Work task —
Although the data below holds other lines too, output only those from the line with "#204=LINE('',#203,#202);" up to and including the line with "#213=DIRECTION('',(0.,0.,-1.));", exactly as they appear.

Data extracts —
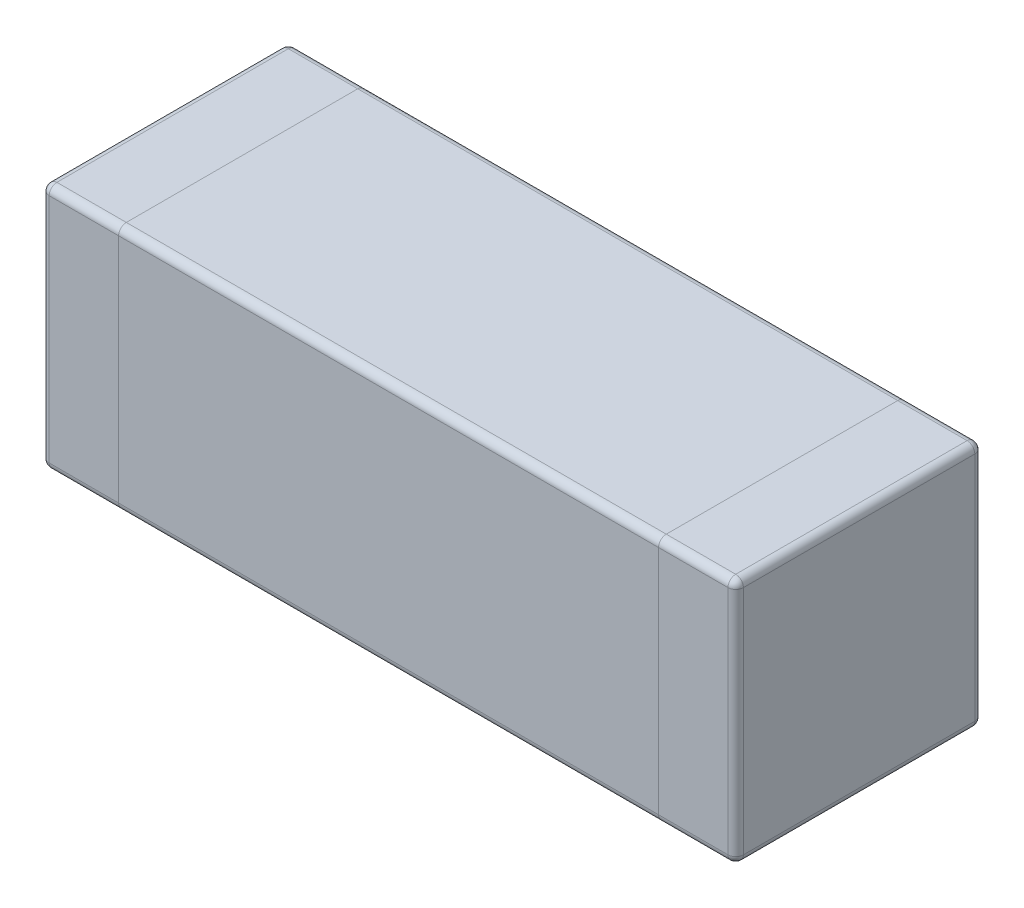
ISO-10303-21;
HEADER;
FILE_DESCRIPTION(('STEP AP214'),'2;1');
FILE_NAME('part.step','',(''),(''),'','','');
FILE_SCHEMA(('AUTOMOTIVE_DESIGN { 1 0 10303 214 1 1 1 1 }'));
ENDSEC;
DATA;
#1=APPLICATION_CONTEXT('core data for automotive mechanical design processes');
#2=APPLICATION_PROTOCOL_DEFINITION('international standard','automotive_design',2000,#1);
#3=PRODUCT_CONTEXT('',#1,'mechanical');
#4=PRODUCT('Part','Part','',(#3));
#5=PRODUCT_RELATED_PRODUCT_CATEGORY('part','',(#4));
#6=PRODUCT_DEFINITION_FORMATION('','',#4);
#7=PRODUCT_DEFINITION_CONTEXT('part definition',#1,'design');
#8=PRODUCT_DEFINITION('design','',#6,#7);
#9=PRODUCT_DEFINITION_SHAPE('','',#8);
#10=(LENGTH_UNIT() NAMED_UNIT(*) SI_UNIT(.MILLI.,.METRE.));
#11=(NAMED_UNIT(*) PLANE_ANGLE_UNIT() SI_UNIT($,.RADIAN.));
#12=(NAMED_UNIT(*) SI_UNIT($,.STERADIAN.) SOLID_ANGLE_UNIT());
#13=UNCERTAINTY_MEASURE_WITH_UNIT(LENGTH_MEASURE(1.E-05),#10,'distance_accuracy_value','');
#14=(GEOMETRIC_REPRESENTATION_CONTEXT(3) GLOBAL_UNCERTAINTY_ASSIGNED_CONTEXT((#13)) GLOBAL_UNIT_ASSIGNED_CONTEXT((#10,
#11,#12)) REPRESENTATION_CONTEXT('',''));
#15=CARTESIAN_POINT('',(0.,0.,0.));
#16=DIRECTION('',(0.,0.,1.));
#17=DIRECTION('',(1.,0.,0.));
#18=AXIS2_PLACEMENT_3D('',#15,#16,#17);
#19=CARTESIAN_POINT('',(2.25,1.6,-0.8));
#20=DIRECTION('',(0.,-1.,0.));
#21=DIRECTION('',(0.,0.,-1.));
#22=AXIS2_PLACEMENT_3D('',#19,#20,#21);
#23=PLANE('',#22);
#24=DIRECTION('',(0.,0.,1.));
#25=VECTOR('',#24,1.);
#26=CARTESIAN_POINT('',(-1.75,1.6,-0.8));
#27=LINE('',#26,#25);
#28=CARTESIAN_POINT('',(-1.75,1.6,-0.75));
#29=VERTEX_POINT('',#28);
#30=CARTESIAN_POINT('',(-1.75,1.6,0.75));
#31=VERTEX_POINT('',#30);
#32=EDGE_CURVE('E11',#29,#31,#27,.T.);
#33=ORIENTED_EDGE('',*,*,#32,.F.);
#34=DIRECTION('',(-1.,0.,0.));
#35=VECTOR('',#34,1.);
#36=CARTESIAN_POINT('',(2.25,1.6,-0.75));
#37=LINE('',#36,#35);
#38=CARTESIAN_POINT('',(-2.2,1.6,-0.75));
#39=VERTEX_POINT('',#38);
#40=EDGE_CURVE('E253',#29,#39,#37,.T.);
#41=ORIENTED_EDGE('',*,*,#40,.T.);
#42=DIRECTION('',(0.,0.,1.));
#43=VECTOR('',#42,1.);
#44=CARTESIAN_POINT('',(-2.2,1.6,-0.8));
#45=LINE('',#44,#43);
#46=CARTESIAN_POINT('',(-2.2,1.6,0.75));
#47=VERTEX_POINT('',#46);
#48=EDGE_CURVE('E256',#39,#47,#45,.T.);
#49=ORIENTED_EDGE('',*,*,#48,.T.);
#50=DIRECTION('',(1.,0.,0.));
#51=VECTOR('',#50,1.);
#52=CARTESIAN_POINT('',(2.25,1.6,0.75));
#53=LINE('',#52,#51);
#54=EDGE_CURVE('E260',#47,#31,#53,.T.);
#55=ORIENTED_EDGE('',*,*,#54,.T.);
#56=EDGE_LOOP('',(#33,#41,#49,#55));
#57=FACE_BOUND('',#56,.T.);
#58=ADVANCED_FACE('F37',(#57),#23,.F.);
#59=DIRECTION('',(0.,0.,-1.));
#60=VECTOR('',#59,1.);
#61=CARTESIAN_POINT('',(1.75,1.6,-0.8));
#62=LINE('',#61,#60);
#63=CARTESIAN_POINT('',(1.75,1.6,0.75));
#64=VERTEX_POINT('',#63);
#65=CARTESIAN_POINT('',(1.75,1.6,-0.75));
#66=VERTEX_POINT('',#65);
#67=EDGE_CURVE('E47',#64,#66,#62,.T.);
#68=ORIENTED_EDGE('',*,*,#67,.F.);
#69=CARTESIAN_POINT('',(2.2,1.6,0.75));
#70=VERTEX_POINT('',#69);
#71=EDGE_CURVE('E259',#64,#70,#53,.T.);
#72=ORIENTED_EDGE('',*,*,#71,.T.);
#73=DIRECTION('',(0.,0.,-1.));
#74=VECTOR('',#73,1.);
#75=CARTESIAN_POINT('',(2.2,1.6,-0.8));
#76=LINE('',#75,#74);
#77=CARTESIAN_POINT('',(2.2,1.6,-0.75));
#78=VERTEX_POINT('',#77);
#79=EDGE_CURVE('E250',#70,#78,#76,.T.);
#80=ORIENTED_EDGE('',*,*,#79,.T.);
#81=EDGE_CURVE('E254',#78,#66,#37,.T.);
#82=ORIENTED_EDGE('',*,*,#81,.T.);
#83=EDGE_LOOP('',(#68,#72,#80,#82));
#84=FACE_BOUND('',#83,.T.);
#85=ADVANCED_FACE('F526',(#84),#23,.F.);
#86=CARTESIAN_POINT('',(2.25,1.55,0.75));
#87=DIRECTION('',(1.,0.,0.));
#88=DIRECTION('',(0.,0.,-1.));
#89=AXIS2_PLACEMENT_3D('',#86,#87,#88);
#90=CYLINDRICAL_SURFACE('',#89,0.05);
#91=DIRECTION('',(1.,0.,0.));
#92=VECTOR('',#91,1.);
#93=CARTESIAN_POINT('',(-2.25,1.55,0.8));
#94=LINE('',#93,#92);
#95=CARTESIAN_POINT('',(-1.75,1.55,0.8));
#96=VERTEX_POINT('',#95);
#97=CARTESIAN_POINT('',(-2.2,1.55,0.8));
#98=VERTEX_POINT('',#97);
#99=EDGE_CURVE('E246',#96,#98,#94,.F.);
#100=ORIENTED_EDGE('',*,*,#99,.F.);
#101=CARTESIAN_POINT('',(-1.75,1.55,0.75));
#102=DIRECTION('',(1.,0.,0.));
#103=DIRECTION('',(0.,0.,-1.));
#104=AXIS2_PLACEMENT_3D('',#101,#102,#103);
#105=CIRCLE('',#104,0.05);
#106=EDGE_CURVE('E354',#96,#31,#105,.F.);
#107=ORIENTED_EDGE('',*,*,#106,.T.);
#108=ORIENTED_EDGE('',*,*,#54,.F.);
#109=CARTESIAN_POINT('',(-2.2,1.55,0.75));
#110=DIRECTION('',(-1.,0.,0.));
#111=DIRECTION('',(0.,-1.,0.));
#112=AXIS2_PLACEMENT_3D('',#109,#110,#111);
#113=CIRCLE('',#112,0.05);
#114=EDGE_CURVE('E330',#47,#98,#113,.F.);
#115=ORIENTED_EDGE('',*,*,#114,.T.);
#116=EDGE_LOOP('',(#100,#107,#108,#115));
#117=FACE_BOUND('',#116,.T.);
#118=ADVANCED_FACE('F483',(#117),#90,.T.);
#119=ORIENTED_EDGE('',*,*,#71,.F.);
#120=CARTESIAN_POINT('',(1.75,1.55,0.75));
#121=DIRECTION('',(-1.,0.,0.));
#122=DIRECTION('',(0.,0.,1.));
#123=AXIS2_PLACEMENT_3D('',#120,#121,#122);
#124=CIRCLE('',#123,0.05);
#125=CARTESIAN_POINT('',(1.75,1.55,0.8));
#126=VERTEX_POINT('',#125);
#127=EDGE_CURVE('E353',#64,#126,#124,.F.);
#128=ORIENTED_EDGE('',*,*,#127,.T.);
#129=CARTESIAN_POINT('',(2.2,1.55,0.8));
#130=VERTEX_POINT('',#129);
#131=EDGE_CURVE('E247',#130,#126,#94,.F.);
#132=ORIENTED_EDGE('',*,*,#131,.F.);
#133=CARTESIAN_POINT('',(2.2,1.55,0.75));
#134=DIRECTION('',(1.,0.,0.));
#135=DIRECTION('',(0.,0.,-1.));
#136=AXIS2_PLACEMENT_3D('',#133,#134,#135);
#137=CIRCLE('',#136,0.05);
#138=EDGE_CURVE('E315',#70,#130,#137,.T.);
#139=ORIENTED_EDGE('',*,*,#138,.F.);
#140=EDGE_LOOP('',(#119,#128,#132,#139));
#141=FACE_BOUND('',#140,.T.);
#142=ADVANCED_FACE('F457',(#141),#90,.T.);
#143=CARTESIAN_POINT('',(-2.25,1.6,0.8));
#144=DIRECTION('',(0.,0.,-1.));
#145=DIRECTION('',(-1.,0.,0.));
#146=AXIS2_PLACEMENT_3D('',#143,#144,#145);
#147=PLANE('',#146);
#148=DIRECTION('',(0.,-1.,0.));
#149=VECTOR('',#148,1.);
#150=CARTESIAN_POINT('',(-1.75,1.6,0.8));
#151=LINE('',#150,#149);
#152=CARTESIAN_POINT('',(-1.75,0.0499999999999999,0.8));
#153=VERTEX_POINT('',#152);
#154=EDGE_CURVE('E349',#96,#153,#151,.T.);
#155=ORIENTED_EDGE('',*,*,#154,.F.);
#156=ORIENTED_EDGE('',*,*,#99,.T.);
#157=DIRECTION('',(0.,-1.,0.));
#158=VECTOR('',#157,1.);
#159=CARTESIAN_POINT('',(-2.2,1.6,0.8));
#160=LINE('',#159,#158);
#161=CARTESIAN_POINT('',(-2.2,0.0499999999999999,0.8));
#162=VERTEX_POINT('',#161);
#163=EDGE_CURVE('E243',#98,#162,#160,.T.);
#164=ORIENTED_EDGE('',*,*,#163,.T.);
#165=DIRECTION('',(1.,0.,0.));
#166=VECTOR('',#165,1.);
#167=CARTESIAN_POINT('',(2.25,0.0499999999999999,0.8));
#168=LINE('',#167,#166);
#169=EDGE_CURVE('E237',#162,#153,#168,.T.);
#170=ORIENTED_EDGE('',*,*,#169,.T.);
#171=EDGE_LOOP('',(#155,#156,#164,#170));
#172=FACE_BOUND('',#171,.T.);
#173=ADVANCED_FACE('F471',(#172),#147,.F.);
#174=DIRECTION('',(0.,1.,0.));
#175=VECTOR('',#174,1.);
#176=CARTESIAN_POINT('',(1.75,1.6,0.8));
#177=LINE('',#176,#175);
#178=CARTESIAN_POINT('',(1.75,0.0499999999999999,0.8));
#179=VERTEX_POINT('',#178);
#180=EDGE_CURVE('E345',#179,#126,#177,.T.);
#181=ORIENTED_EDGE('',*,*,#180,.F.);
#182=CARTESIAN_POINT('',(2.2,0.0499999999999999,0.8));
#183=VERTEX_POINT('',#182);
#184=EDGE_CURVE('E236',#179,#183,#168,.T.);
#185=ORIENTED_EDGE('',*,*,#184,.T.);
#186=DIRECTION('',(0.,-1.,0.));
#187=VECTOR('',#186,1.);
#188=CARTESIAN_POINT('',(2.2,1.6,0.8));
#189=LINE('',#188,#187);
#190=EDGE_CURVE('E240',#183,#130,#189,.F.);
#191=ORIENTED_EDGE('',*,*,#190,.T.);
#192=ORIENTED_EDGE('',*,*,#131,.T.);
#193=EDGE_LOOP('',(#181,#185,#191,#192));
#194=FACE_BOUND('',#193,.T.);
#195=ADVANCED_FACE('F453',(#194),#147,.F.);
#196=CARTESIAN_POINT('',(-2.25,0.0499999999999999,0.75));
#197=DIRECTION('',(-1.,0.,0.));
#198=DIRECTION('',(0.,0.,1.));
#199=AXIS2_PLACEMENT_3D('',#196,#197,#198);
#200=CYLINDRICAL_SURFACE('',#199,0.05);
#201=DIRECTION('',(1.,0.,0.));
#202=VECTOR('',#201,1.);
#203=CARTESIAN_POINT('',(-2.25,0.,0.75));
#204=LINE('',#203,#202);
#205=CARTESIAN_POINT('',(-1.75,0.,0.75));
#206=VERTEX_POINT('',#205);
#207=CARTESIAN_POINT('',(-2.2,0.,0.75));
#208=VERTEX_POINT('',#207);
#209=EDGE_CURVE('E266',#206,#208,#204,.F.);
#210=ORIENTED_EDGE('',*,*,#209,.F.);
#211=CARTESIAN_POINT('',(-1.75,0.0499999999999999,0.75));
#212=DIRECTION('',(1.,0.,0.));
#213=DIRECTION('',(0.,0.,-1.));
#214=AXIS2_PLACEMENT_3D('',#211,#212,#213);
#215=CIRCLE('',#214,0.05);
#216=EDGE_CURVE('E350',#206,#153,#215,.F.);
#217=ORIENTED_EDGE('',*,*,#216,.T.);
#218=ORIENTED_EDGE('',*,*,#169,.F.);
#219=CARTESIAN_POINT('',(-2.2,0.05,0.75));
#220=DIRECTION('',(-1.,0.,0.));
#221=DIRECTION('',(0.,0.,1.));
#222=AXIS2_PLACEMENT_3D('',#219,#220,#221);
#223=CIRCLE('',#222,0.05);
#224=EDGE_CURVE('E321',#162,#208,#223,.F.);
#225=ORIENTED_EDGE('',*,*,#224,.T.);
#226=EDGE_LOOP('',(#210,#217,#218,#225));
#227=FACE_BOUND('',#226,.T.);
#228=ADVANCED_FACE('F509',(#227),#200,.T.);
#229=ORIENTED_EDGE('',*,*,#184,.F.);
#230=CARTESIAN_POINT('',(1.75,0.0499999999999999,0.75));
#231=DIRECTION('',(-1.,0.,0.));
#232=DIRECTION('',(0.,0.,1.));
#233=AXIS2_PLACEMENT_3D('',#230,#231,#232);
#234=CIRCLE('',#233,0.05);
#235=CARTESIAN_POINT('',(1.75,0.,0.75));
#236=VERTEX_POINT('',#235);
#237=EDGE_CURVE('E365',#179,#236,#234,.F.);
#238=ORIENTED_EDGE('',*,*,#237,.T.);
#239=CARTESIAN_POINT('',(2.2,0.,0.75));
#240=VERTEX_POINT('',#239);
#241=EDGE_CURVE('E267',#240,#236,#204,.F.);
#242=ORIENTED_EDGE('',*,*,#241,.F.);
#243=CARTESIAN_POINT('',(2.2,0.0499999999999999,0.75));
#244=DIRECTION('',(1.,0.,0.));
#245=DIRECTION('',(0.,0.,-1.));
#246=AXIS2_PLACEMENT_3D('',#243,#244,#245);
#247=CIRCLE('',#246,0.05);
#248=EDGE_CURVE('E301',#183,#240,#247,.T.);
#249=ORIENTED_EDGE('',*,*,#248,.F.);
#250=EDGE_LOOP('',(#229,#238,#242,#249));
#251=FACE_BOUND('',#250,.T.);
#252=ADVANCED_FACE('F443',(#251),#200,.T.);
#253=CARTESIAN_POINT('',(2.25,0.,-0.8));
#254=DIRECTION('',(0.,-1.,0.));
#255=DIRECTION('',(0.,0.,-1.));
#256=AXIS2_PLACEMENT_3D('',#253,#254,#255);
#257=PLANE('',#256);
#258=DIRECTION('',(-1.,0.,0.));
#259=VECTOR('',#258,1.);
#260=CARTESIAN_POINT('',(2.25,0.,-0.75));
#261=LINE('',#260,#259);
#262=CARTESIAN_POINT('',(-2.2,0.,-0.75));
#263=VERTEX_POINT('',#262);
#264=CARTESIAN_POINT('',(-1.75,0.,-0.75));
#265=VERTEX_POINT('',#264);
#266=EDGE_CURVE('E274',#263,#265,#261,.F.);
#267=ORIENTED_EDGE('',*,*,#266,.T.);
#268=DIRECTION('',(0.,0.,1.));
#269=VECTOR('',#268,1.);
#270=CARTESIAN_POINT('',(-1.75,0.,-0.8));
#271=LINE('',#270,#269);
#272=EDGE_CURVE('E366',#265,#206,#271,.T.);
#273=ORIENTED_EDGE('',*,*,#272,.T.);
#274=ORIENTED_EDGE('',*,*,#209,.T.);
#275=DIRECTION('',(0.,0.,1.));
#276=VECTOR('',#275,1.);
#277=CARTESIAN_POINT('',(-2.2,0.,-0.8));
#278=LINE('',#277,#276);
#279=EDGE_CURVE('E270',#208,#263,#278,.F.);
#280=ORIENTED_EDGE('',*,*,#279,.T.);
#281=EDGE_LOOP('',(#267,#273,#274,#280));
#282=FACE_BOUND('',#281,.T.);
#283=ADVANCED_FACE('F512',(#282),#257,.T.);
#284=ORIENTED_EDGE('',*,*,#241,.T.);
#285=DIRECTION('',(0.,0.,-1.));
#286=VECTOR('',#285,1.);
#287=CARTESIAN_POINT('',(1.75,0.,-0.8));
#288=LINE('',#287,#286);
#289=CARTESIAN_POINT('',(1.75,0.,-0.75));
#290=VERTEX_POINT('',#289);
#291=EDGE_CURVE('E360',#236,#290,#288,.T.);
#292=ORIENTED_EDGE('',*,*,#291,.T.);
#293=CARTESIAN_POINT('',(2.2,0.,-0.75));
#294=VERTEX_POINT('',#293);
#295=EDGE_CURVE('E273',#290,#294,#261,.F.);
#296=ORIENTED_EDGE('',*,*,#295,.T.);
#297=DIRECTION('',(0.,0.,-1.));
#298=VECTOR('',#297,1.);
#299=CARTESIAN_POINT('',(2.2,0.,0.8));
#300=LINE('',#299,#298);
#301=EDGE_CURVE('E263',#294,#240,#300,.F.);
#302=ORIENTED_EDGE('',*,*,#301,.T.);
#303=EDGE_LOOP('',(#284,#292,#296,#302));
#304=FACE_BOUND('',#303,.T.);
#305=ADVANCED_FACE('F387',(#304),#257,.T.);
#306=CARTESIAN_POINT('',(2.25,1.55,-0.75));
#307=DIRECTION('',(-1.,0.,0.));
#308=DIRECTION('',(0.,0.,1.));
#309=AXIS2_PLACEMENT_3D('',#306,#307,#308);
#310=CYLINDRICAL_SURFACE('',#309,0.05);
#311=ORIENTED_EDGE('',*,*,#40,.F.);
#312=CARTESIAN_POINT('',(-1.75,1.55,-0.75));
#313=DIRECTION('',(1.,0.,0.));
#314=DIRECTION('',(0.,0.,-1.));
#315=AXIS2_PLACEMENT_3D('',#312,#313,#314);
#316=CIRCLE('',#315,0.05);
#317=CARTESIAN_POINT('',(-1.75,1.55,-0.8));
#318=VERTEX_POINT('',#317);
#319=EDGE_CURVE('E357',#29,#318,#316,.F.);
#320=ORIENTED_EDGE('',*,*,#319,.T.);
#321=DIRECTION('',(-1.,0.,0.));
#322=VECTOR('',#321,1.);
#323=CARTESIAN_POINT('',(-2.25,1.55,-0.8));
#324=LINE('',#323,#322);
#325=CARTESIAN_POINT('',(-2.2,1.55,-0.8));
#326=VERTEX_POINT('',#325);
#327=EDGE_CURVE('E216',#326,#318,#324,.F.);
#328=ORIENTED_EDGE('',*,*,#327,.F.);
#329=CARTESIAN_POINT('',(-2.2,1.55,-0.75));
#330=DIRECTION('',(-1.,0.,0.));
#331=DIRECTION('',(0.,0.,1.));
#332=AXIS2_PLACEMENT_3D('',#329,#330,#331);
#333=CIRCLE('',#332,0.05);
#334=EDGE_CURVE('E292',#326,#39,#333,.F.);
#335=ORIENTED_EDGE('',*,*,#334,.T.);
#336=EDGE_LOOP('',(#311,#320,#328,#335));
#337=FACE_BOUND('',#336,.T.);
#338=ADVANCED_FACE('F519',(#337),#310,.T.);
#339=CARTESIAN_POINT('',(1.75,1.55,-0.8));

Solution for this problem —
#204=LINE('',#203,#202);
#205=CARTESIAN_POINT('',(-1.75,0.,0.75));
#206=VERTEX_POINT('',#205);
#207=CARTESIAN_POINT('',(-2.2,0.,0.75));
#208=VERTEX_POINT('',#207);
#209=EDGE_CURVE('E266',#206,#208,#204,.F.);
#210=ORIENTED_EDGE('',*,*,#209,.F.);
#211=CARTESIAN_POINT('',(-1.75,0.0499999999999999,0.75));
#212=DIRECTION('',(1.,0.,0.));
#213=DIRECTION('',(0.,0.,-1.));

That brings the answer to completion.